Disabling Optimizations in Balde
Balde exposes the following three flags to control optimizations: * --disable-loop-elision * --disable-loop-allocation-elim * --aggressively-free-retvals * --disable-jit
Disabling Optimizations in Nim code
When instantiating the Runtime
, you can pass an InterpreterOpts
struct containing a CodegenOpts
struct.
var runtime = newRuntime(
fileName, ast,
InterpreterOpts(
codegen: CodegenOpts(
elideLoops: false,
loopAllocationEliminator: false,
aggressivelyFreeRetvals: false,
jitCompiler: false
)
)
)
Using the Native Interface
A small example
Bali exposes a pretty neat two-way interface for native code written in Nim to interact with JavaScript, and vice versa.
Here's a short example.
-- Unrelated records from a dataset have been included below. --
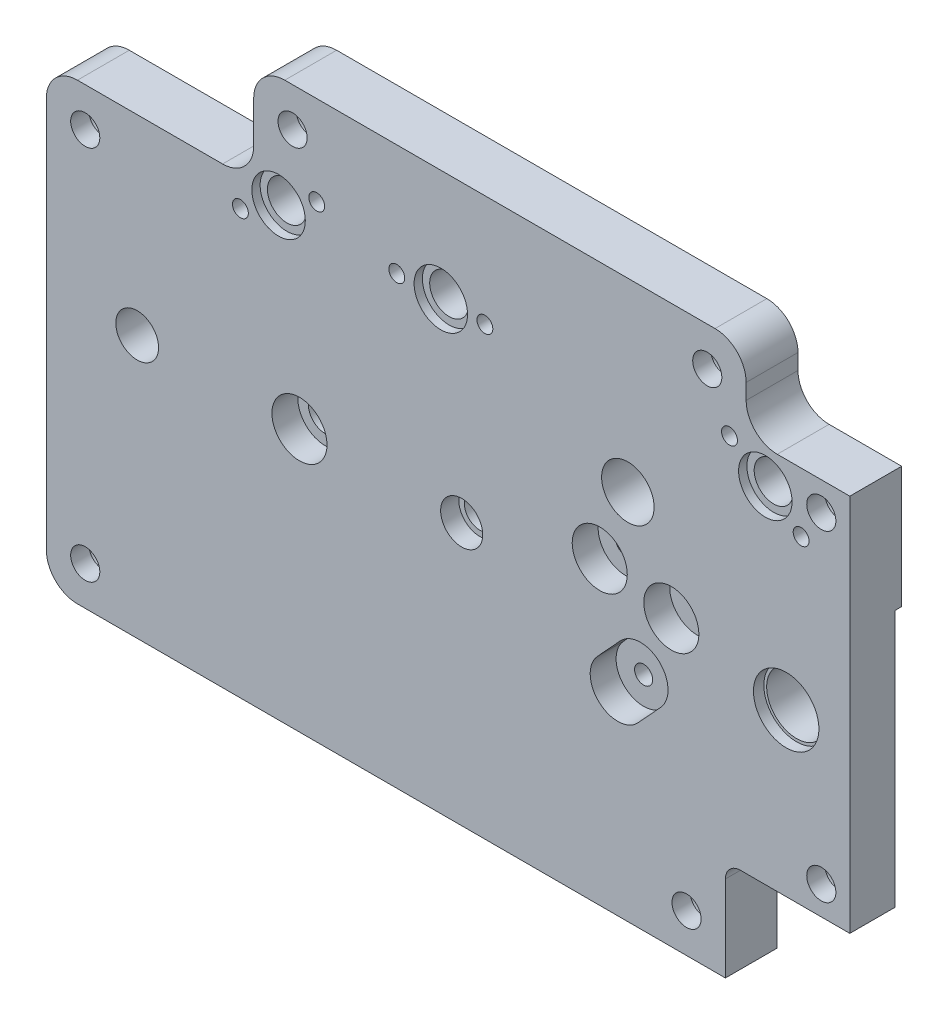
ISO-10303-21;
HEADER;
FILE_DESCRIPTION(('STEP AP214'),'2;1');
FILE_NAME('part.step','',(''),(''),'','','');
FILE_SCHEMA(('AUTOMOTIVE_DESIGN { 1 0 10303 214 1 1 1 1 }'));
ENDSEC;
DATA;
#1=APPLICATION_CONTEXT('core data for automotive mechanical design processes');
#2=APPLICATION_PROTOCOL_DEFINITION('international standard','automotive_design',2000,#1);
#3=PRODUCT_CONTEXT('',#1,'mechanical');
#4=PRODUCT('Part','Part','',(#3));
#5=PRODUCT_RELATED_PRODUCT_CATEGORY('part','',(#4));
#6=PRODUCT_DEFINITION_FORMATION('','',#4);
#7=PRODUCT_DEFINITION_CONTEXT('part definition',#1,'design');
#8=PRODUCT_DEFINITION('design','',#6,#7);
#9=PRODUCT_DEFINITION_SHAPE('','',#8);
#10=(LENGTH_UNIT() NAMED_UNIT(*) SI_UNIT(.MILLI.,.METRE.));
#11=(NAMED_UNIT(*) PLANE_ANGLE_UNIT() SI_UNIT($,.RADIAN.));
#12=(NAMED_UNIT(*) SI_UNIT($,.STERADIAN.) SOLID_ANGLE_UNIT());
#13=UNCERTAINTY_MEASURE_WITH_UNIT(LENGTH_MEASURE(1.E-05),#10,'distance_accuracy_value','');
#14=(GEOMETRIC_REPRESENTATION_CONTEXT(3) GLOBAL_UNCERTAINTY_ASSIGNED_CONTEXT((#13)) GLOBAL_UNIT_ASSIGNED_CONTEXT((#10,
#11,#12)) REPRESENTATION_CONTEXT('',''));
#15=CARTESIAN_POINT('',(0.,0.,0.));
#16=DIRECTION('',(0.,0.,1.));
#17=DIRECTION('',(1.,0.,0.));
#18=AXIS2_PLACEMENT_3D('',#15,#16,#17);
#19=CARTESIAN_POINT('',(-796.778000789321,-41.1769872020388,15.8999999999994));
#20=DIRECTION('',(0.,0.,1.));
#21=DIRECTION('',(1.,0.,0.));
#22=AXIS2_PLACEMENT_3D('',#19,#20,#21);
#23=CYLINDRICAL_SURFACE('',#22,6.74687500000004);
#24=DIRECTION('',(0.,0.,1.));
#25=VECTOR('',#24,1.);
#26=CARTESIAN_POINT('',(-791.811809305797,-45.7439626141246,9.54999999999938));
#27=LINE('',#26,#25);
#28=CARTESIAN_POINT('',(-791.811809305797,-45.7439626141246,9.54999999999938));
#29=VERTEX_POINT('',#28);
#30=CARTESIAN_POINT('',(-791.811809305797,-45.7439626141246,15.8999999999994));
#31=VERTEX_POINT('',#30);
#32=EDGE_CURVE('E247',#29,#31,#27,.T.);
#33=ORIENTED_EDGE('',*,*,#32,.T.);
#34=CARTESIAN_POINT('',(-796.778000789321,-41.1769872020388,15.8999999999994));
#35=DIRECTION('',(0.,0.,-1.));
#36=DIRECTION('',(-1.,0.,0.));
#37=AXIS2_PLACEMENT_3D('',#34,#35,#36);
#38=CIRCLE('',#37,6.74687500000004);
#39=CARTESIAN_POINT('',(-801.744192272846,-36.6100117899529,15.8999999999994));
#40=VERTEX_POINT('',#39);
#41=EDGE_CURVE('E245',#40,#31,#38,.T.);
#42=ORIENTED_EDGE('',*,*,#41,.F.);
#43=DIRECTION('',(0.,0.,1.));
#44=VECTOR('',#43,1.);
#45=CARTESIAN_POINT('',(-801.744192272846,-36.6100117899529,9.54999999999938));
#46=LINE('',#45,#44);
#47=CARTESIAN_POINT('',(-801.744192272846,-36.6100117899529,9.54999999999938));
#48=VERTEX_POINT('',#47);
#49=EDGE_CURVE('E239',#48,#40,#46,.T.);
#50=ORIENTED_EDGE('',*,*,#49,.F.);
#51=CARTESIAN_POINT('',(-796.778000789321,-41.1769872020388,9.54999999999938));
#52=DIRECTION('',(0.,0.,1.));
#53=DIRECTION('',(1.,0.,0.));
#54=AXIS2_PLACEMENT_3D('',#51,#52,#53);
#55=CIRCLE('',#54,6.74687500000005);
#56=EDGE_CURVE('E242',#29,#48,#55,.T.);
#57=ORIENTED_EDGE('',*,*,#56,.F.);
#58=EDGE_LOOP('',(#33,#42,#50,#57));
#59=FACE_BOUND('',#58,.T.);
#60=ADVANCED_FACE('F48',(#59),#23,.F.);
#61=CARTESIAN_POINT('',(-796.778000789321,-41.1769872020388,15.8999999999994));
#62=DIRECTION('',(0.,0.,1.));
#63=DIRECTION('',(1.,0.,0.));
#64=AXIS2_PLACEMENT_3D('',#61,#62,#63);
#65=CYLINDRICAL_SURFACE('',#64,2.21868999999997);
#66=CARTESIAN_POINT('',(-796.778000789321,-41.1769872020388,4.79986188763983));
#67=DIRECTION('',(0.,0.,-1.));
#68=DIRECTION('',(-1.,0.,0.));
#69=AXIS2_PLACEMENT_3D('',#66,#67,#68);
#70=CIRCLE('',#69,2.21868999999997);
#71=CARTESIAN_POINT('',(-798.996690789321,-41.1769872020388,4.79986188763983));
#72=VERTEX_POINT('',#71);
#73=EDGE_CURVE('E283',#72,#72,#70,.T.);
#74=ORIENTED_EDGE('',*,*,#73,.T.);
#75=EDGE_LOOP('',(#74));
#76=FACE_BOUND('',#75,.T.);
#77=CARTESIAN_POINT('',(-796.778000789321,-41.1769872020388,9.54999999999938));
#78=DIRECTION('',(0.,0.,1.));
#79=DIRECTION('',(1.,0.,0.));
#80=AXIS2_PLACEMENT_3D('',#77,#78,#79);
#81=CIRCLE('',#80,2.21868999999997);
#82=CARTESIAN_POINT('',(-794.559310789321,-41.1769872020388,9.54999999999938));
#83=VERTEX_POINT('',#82);
#84=EDGE_CURVE('E778',#83,#83,#81,.F.);
#85=ORIENTED_EDGE('',*,*,#84,.F.);
#86=EDGE_LOOP('',(#85));
#87=FACE_BOUND('',#86,.T.);
#88=ADVANCED_FACE('F1597',(#76,#87),#65,.F.);
#89=CARTESIAN_POINT('',(-802.354782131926,-47.2412554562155,15.8999999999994));
#90=DIRECTION('',(0.,0.,1.));
#91=DIRECTION('',(1.,0.,0.));
#92=AXIS2_PLACEMENT_3D('',#89,#90,#91);
#93=CYLINDRICAL_SURFACE('',#92,6.74687500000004);
#94=CARTESIAN_POINT('',(-802.354782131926,-47.2412554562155,15.8999999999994));
#95=DIRECTION('',(0.,0.,-1.));
#96=DIRECTION('',(-1.,0.,0.));
#97=AXIS2_PLACEMENT_3D('',#94,#95,#96);
#98=CIRCLE('',#97,6.74687500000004);
#99=CARTESIAN_POINT('',(-797.388590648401,-51.8082308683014,15.8999999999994));
#100=VERTEX_POINT('',#99);
#101=CARTESIAN_POINT('',(-807.32097361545,-42.6742800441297,15.8999999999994));
#102=VERTEX_POINT('',#101);
#103=EDGE_CURVE('E299',#100,#102,#98,.T.);
#104=ORIENTED_EDGE('',*,*,#103,.F.);
#105=DIRECTION('',(0.,0.,1.));
#106=VECTOR('',#105,1.);
#107=CARTESIAN_POINT('',(-797.388590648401,-51.8082308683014,15.8999999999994));
#108=LINE('',#107,#106);
#109=CARTESIAN_POINT('',(-797.388590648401,-51.8082308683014,9.54999999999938));
#110=VERTEX_POINT('',#109);
#111=EDGE_CURVE('E12',#100,#110,#108,.F.);
#112=ORIENTED_EDGE('',*,*,#111,.T.);
#113=CARTESIAN_POINT('',(-802.354782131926,-47.2412554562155,9.54999999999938));
#114=DIRECTION('',(0.,0.,1.));
#115=DIRECTION('',(1.,0.,0.));
#116=AXIS2_PLACEMENT_3D('',#113,#114,#115);
#117=CIRCLE('',#116,6.74687500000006);
#118=CARTESIAN_POINT('',(-807.32097361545,-42.6742800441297,9.54999999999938));
#119=VERTEX_POINT('',#118);
#120=EDGE_CURVE('E257',#119,#110,#117,.T.);
#121=ORIENTED_EDGE('',*,*,#120,.F.);
#122=DIRECTION('',(0.,0.,1.));
#123=VECTOR('',#122,1.);
#124=CARTESIAN_POINT('',(-807.32097361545,-42.6742800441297,15.8999999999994));
#125=LINE('',#124,#123);
#126=EDGE_CURVE('E57',#102,#119,#125,.F.);
#127=ORIENTED_EDGE('',*,*,#126,.F.);
#128=EDGE_LOOP('',(#104,#112,#121,#127));
#129=FACE_BOUND('',#128,.T.);
#130=ADVANCED_FACE('F1589',(#129),#93,.F.);
#131=CARTESIAN_POINT('',(-802.354782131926,-47.2412554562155,15.8999999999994));
#132=DIRECTION('',(0.,0.,1.));
#133=DIRECTION('',(1.,0.,0.));
#134=AXIS2_PLACEMENT_3D('',#131,#132,#133);
#135=CYLINDRICAL_SURFACE('',#134,2.21868999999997);
#136=CARTESIAN_POINT('',(-802.354782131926,-47.2412554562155,4.79986188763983));
#137=DIRECTION('',(0.,0.,-1.));
#138=DIRECTION('',(-1.,0.,0.));
#139=AXIS2_PLACEMENT_3D('',#136,#137,#138);
#140=CIRCLE('',#139,2.21868999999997);
#141=CARTESIAN_POINT('',(-804.573472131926,-47.2412554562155,4.79986188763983));
#142=VERTEX_POINT('',#141);
#143=EDGE_CURVE('E292',#142,#142,#140,.T.);
#144=ORIENTED_EDGE('',*,*,#143,.T.);
#145=EDGE_LOOP('',(#144));
#146=FACE_BOUND('',#145,.T.);
#147=CARTESIAN_POINT('',(-802.354782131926,-47.2412554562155,9.54999999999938));
#148=DIRECTION('',(0.,0.,1.));
#149=DIRECTION('',(1.,0.,0.));
#150=AXIS2_PLACEMENT_3D('',#147,#148,#149);
#151=CIRCLE('',#150,2.21868999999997);
#152=CARTESIAN_POINT('',(-800.136092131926,-47.2412554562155,9.54999999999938));
#153=VERTEX_POINT('',#152);
#154=EDGE_CURVE('E760',#153,#153,#151,.F.);
#155=ORIENTED_EDGE('',*,*,#154,.F.);
#156=EDGE_LOOP('',(#155));
#157=FACE_BOUND('',#156,.T.);
#158=ADVANCED_FACE('F1587',(#146,#157),#135,.F.);
#159=CARTESIAN_POINT('',(-745.49,22.225,15.8999999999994));
#160=DIRECTION('',(1.,0.,0.));
#161=DIRECTION('',(0.,0.,-1.));
#162=AXIS2_PLACEMENT_3D('',#159,#160,#161);
#163=PLANE('',#162);
#164=DIRECTION('',(0.,0.,1.));
#165=VECTOR('',#164,1.);
#166=CARTESIAN_POINT('',(-745.49,-70.5484788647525,15.8999999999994));
#167=LINE('',#166,#165);
#168=CARTESIAN_POINT('',(-745.49,-70.5484788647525,4.79986188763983));
#169=VERTEX_POINT('',#168);
#170=CARTESIAN_POINT('',(-745.49,-70.5484788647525,15.8999999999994));
#171=VERTEX_POINT('',#170);
#172=EDGE_CURVE('E1369',#169,#171,#167,.T.);
#173=ORIENTED_EDGE('',*,*,#172,.F.);
#174=DIRECTION('',(0.,-1.,0.));
#175=VECTOR('',#174,1.);
#176=CARTESIAN_POINT('',(-745.49,-7.56784021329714,4.79986188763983));
#177=LINE('',#176,#175);
#178=CARTESIAN_POINT('',(-745.49,-7.56784021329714,4.79986188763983));
#179=VERTEX_POINT('',#178);
#180=EDGE_CURVE('E1156',#179,#169,#177,.T.);
#181=ORIENTED_EDGE('',*,*,#180,.F.);
#182=DIRECTION('',(0.,0.,1.));
#183=VECTOR('',#182,1.);
#184=CARTESIAN_POINT('',(-745.49,-7.56784021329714,3.19999999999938));
#185=LINE('',#184,#183);
#186=CARTESIAN_POINT('',(-745.49,-7.56784021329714,3.19999999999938));
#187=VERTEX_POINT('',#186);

Here's a brief summary of what it does:
- The JavaScript code has a function called "shoutify" which takes in an argument and returns an all-upper-case version of it.
- The Nim code has a function called "greet" which takes in an argument and prints "Hi there,
import pkg/bali/grammar/prelude
import pkg/bali/runtime/prelude
proc main =
let parser = newParser(
"""
let greeting = greet("tray") // Here, we're calling a native function written in Nim
console.log(greeting)
function shoutify(name)
{
// Make a name seem like it's been SHOUTED OUT.
// This is called by native code.
var x = new String(name);
var y = x.toUpperCase() // Fun fact: `toUpperCase()` is native code. So here, we have native code calling interpreted code, which in turn calls more native code. :^)
return y
}
"""
)
let ast = parser.parse()
var runtime = newRuntime("interop.js", ast)
runtime.defineFn(
"greet",
proc() =
let arg = runtime.ToString(&runtime.argument(1))
ret str("Hi there, " & arg)
,
)
runtime.run() # Execute what we have so far.
let fn = runtime.get("shoutify") # Get the `shoutify` value reference in the global scope
if !fn:
return
let retval = runtime.call(&fn, str("tray")) # Call the `shoutify` function in bytecode. Pass it the arguments it expects.
echo "I AM SHOUTING YOUR NAME AT YOU, " & runtime.ToString(retval) # Take its return value and print it out.